Send back the data below exactly. Drop every picture.

ENTRIES PROVIDED: Begin

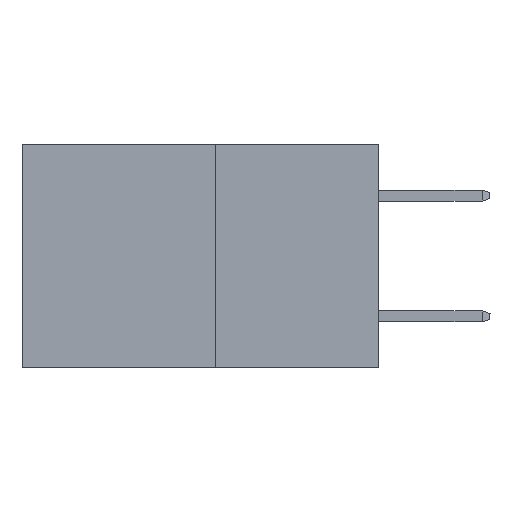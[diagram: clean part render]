
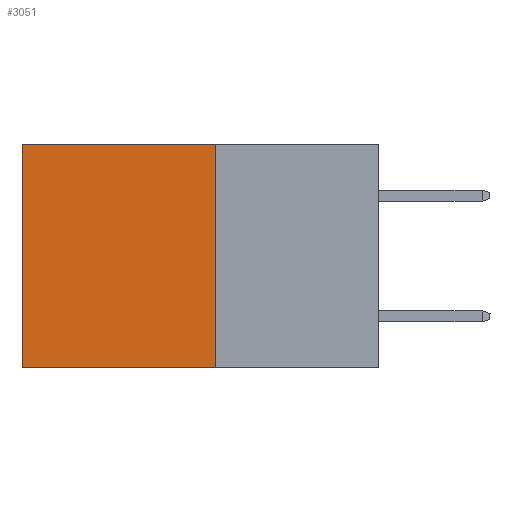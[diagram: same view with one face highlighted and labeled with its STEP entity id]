
A CAD part, left-side view. The second image highlights one B-rep face of the part: STEP entity #3051.
In plain terms, the highlighted planar face has unit normal (-1, 0, 0).
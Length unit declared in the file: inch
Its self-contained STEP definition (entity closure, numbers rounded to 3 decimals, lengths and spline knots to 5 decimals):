
#269 = AXIS2_PLACEMENT_3D ( 'NONE', #6631, #7658, #7802 ) ;
#396 = DIRECTION ( 'NONE',  ( 0., 0., -1. ) ) ;
#499 = VECTOR ( 'NONE', #9674, 39.37008 ) ;
#804 = VERTEX_POINT ( 'NONE', #3493 ) ;
#853 = ORIENTED_EDGE ( 'NONE', *, *, #1494, .F. ) ;
#1494 = EDGE_CURVE ( 'NONE', #6627, #12060, #7606, .T. ) ;
#1715 = DIRECTION ( 'NONE',  ( 0., 1., 0. ) ) ;
#1854 = CARTESIAN_POINT ( 'NONE',  ( 0.277, 0.27, 0. ) ) ;
#2273 = VECTOR ( 'NONE', #12254, 39.37008 ) ;
#2799 = ORIENTED_EDGE ( 'NONE', *, *, #3699, .T. ) ;
#3051 = ADVANCED_FACE ( 'NONE', ( #8522 ), #7706, .F. ) ;
#3493 = CARTESIAN_POINT ( 'NONE',  ( 0.277, 0.59, -0.37 ) ) ;
#3524 = CARTESIAN_POINT ( 'NONE',  ( 0.277, 0.27, -0.37 ) ) ;
#3624 = CARTESIAN_POINT ( 'NONE',  ( 0.277, 0.27, -0.37 ) ) ;
#3663 = CARTESIAN_POINT ( 'NONE',  ( 0.277, 0.59, 0. ) ) ;
#3699 = EDGE_CURVE ( 'NONE', #12096, #804, #5737, .T. ) ;
#4058 = CARTESIAN_POINT ( 'NONE',  ( 0.277, 0.59, -0.37 ) ) ;
#4091 = VECTOR ( 'NONE', #1715, 39.37008 ) ;
#4410 = LINE ( 'NONE', #4657, #4091 ) ;
#4657 = CARTESIAN_POINT ( 'NONE',  ( 0.277, 0.27, 0. ) ) ;
#5737 = LINE ( 'NONE', #4058, #499 ) ;
#6627 = VERTEX_POINT ( 'NONE', #1854 ) ;
#6631 = CARTESIAN_POINT ( 'NONE',  ( 0.277, 0.27, -0.37 ) ) ;
#7471 = LINE ( 'NONE', #8480, #2273 ) ;
#7606 = LINE ( 'NONE', #3524, #12400 ) ;
#7658 = DIRECTION ( 'NONE',  ( 1., 0., 0. ) ) ;
#7706 = PLANE ( 'NONE',  #269 ) ;
#7802 = DIRECTION ( 'NONE',  ( 0., 0., -1. ) ) ;
#7942 = ORIENTED_EDGE ( 'NONE', *, *, #10122, .T. ) ;
#8480 = CARTESIAN_POINT ( 'NONE',  ( 0.277, 0.27, -0.37 ) ) ;
#8522 = FACE_OUTER_BOUND ( 'NONE', #10476, .T. ) ;
#9417 = EDGE_CURVE ( 'NONE', #12060, #804, #7471, .T. ) ;
#9674 = DIRECTION ( 'NONE',  ( 0., 0., -1. ) ) ;
#10122 = EDGE_CURVE ( 'NONE', #6627, #12096, #4410, .T. ) ;
#10476 = EDGE_LOOP ( 'NONE', ( #2799, #10631, #853, #7942 ) ) ;
#10631 = ORIENTED_EDGE ( 'NONE', *, *, #9417, .F. ) ;
#12060 = VERTEX_POINT ( 'NONE', #3624 ) ;
#12096 = VERTEX_POINT ( 'NONE', #3663 ) ;
#12254 = DIRECTION ( 'NONE',  ( 0., 1., 0. ) ) ;
#12400 = VECTOR ( 'NONE', #396, 39.37008 ) ;

ENTRIES PROVIDED: End

### FINISHED TASK
[diagram: clean part render]
[diagram: same view with one face highlighted and labeled with its STEP entity id]
A CAD part, left-side view. The second image highlights one B-rep face of the part: STEP entity #3051.
In plain terms, the highlighted planar face has unit normal (-1, 0, 0).
Length unit declared in the file: inch
Its self-contained STEP definition (entity closure, numbers rounded to 3 decimals, lengths and spline knots to 5 decimals):
#269 = AXIS2_PLACEMENT_3D ( 'NONE', #6631, #7658, #7802 ) ;
#396 = DIRECTION ( 'NONE',  ( 0., 0., -1. ) ) ;
#499 = VECTOR ( 'NONE', #9674, 39.37008 ) ;
#804 = VERTEX_POINT ( 'NONE', #3493 ) ;
#853 = ORIENTED_EDGE ( 'NONE', *, *, #1494, .F. ) ;
#1494 = EDGE_CURVE ( 'NONE', #6627, #12060, #7606, .T. ) ;
#1715 = DIRECTION ( 'NONE',  ( 0., 1., 0. ) ) ;
#1854 = CARTESIAN_POINT ( 'NONE',  ( 0.277, 0.27, 0. ) ) ;
#2273 = VECTOR ( 'NONE', #12254, 39.37008 ) ;
#2799 = ORIENTED_EDGE ( 'NONE', *, *, #3699, .T. ) ;
#3051 = ADVANCED_FACE ( 'NONE', ( #8522 ), #7706, .F. ) ;
#3493 = CARTESIAN_POINT ( 'NONE',  ( 0.277, 0.59, -0.37 ) ) ;
#3524 = CARTESIAN_POINT ( 'NONE',  ( 0.277, 0.27, -0.37 ) ) ;
#3624 = CARTESIAN_POINT ( 'NONE',  ( 0.277, 0.27, -0.37 ) ) ;
#3663 = CARTESIAN_POINT ( 'NONE',  ( 0.277, 0.59, 0. ) ) ;
#3699 = EDGE_CURVE ( 'NONE', #12096, #804, #5737, .T. ) ;
#4058 = CARTESIAN_POINT ( 'NONE',  ( 0.277, 0.59, -0.37 ) ) ;
#4091 = VECTOR ( 'NONE', #1715, 39.37008 ) ;
#4410 = LINE ( 'NONE', #4657, #4091 ) ;
#4657 = CARTESIAN_POINT ( 'NONE',  ( 0.277, 0.27, 0. ) ) ;
#5737 = LINE ( 'NONE', #4058, #499 ) ;
#6627 = VERTEX_POINT ( 'NONE', #1854 ) ;
#6631 = CARTESIAN_POINT ( 'NONE',  ( 0.277, 0.27, -0.37 ) ) ;
#7471 = LINE ( 'NONE', #8480, #2273 ) ;
#7606 = LINE ( 'NONE', #3524, #12400 ) ;
#7658 = DIRECTION ( 'NONE',  ( 1., 0., 0. ) ) ;
#7706 = PLANE ( 'NONE',  #269 ) ;
#7802 = DIRECTION ( 'NONE',  ( 0., 0., -1. ) ) ;
#7942 = ORIENTED_EDGE ( 'NONE', *, *, #10122, .T. ) ;
#8480 = CARTESIAN_POINT ( 'NONE',  ( 0.277, 0.27, -0.37 ) ) ;
#8522 = FACE_OUTER_BOUND ( 'NONE', #10476, .T. ) ;
#9417 = EDGE_CURVE ( 'NONE', #12060, #804, #7471, .T. ) ;
#9674 = DIRECTION ( 'NONE',  ( 0., 0., -1. ) ) ;
#10122 = EDGE_CURVE ( 'NONE', #6627, #12096, #4410, .T. ) ;
#10476 = EDGE_LOOP ( 'NONE', ( #2799, #10631, #853, #7942 ) ) ;
#10631 = ORIENTED_EDGE ( 'NONE', *, *, #9417, .F. ) ;
#12060 = VERTEX_POINT ( 'NONE', #3624 ) ;
#12096 = VERTEX_POINT ( 'NONE', #3663 ) ;
#12254 = DIRECTION ( 'NONE',  ( 0., 1., 0. ) ) ;
#12400 = VECTOR ( 'NONE', #396, 39.37008 ) ;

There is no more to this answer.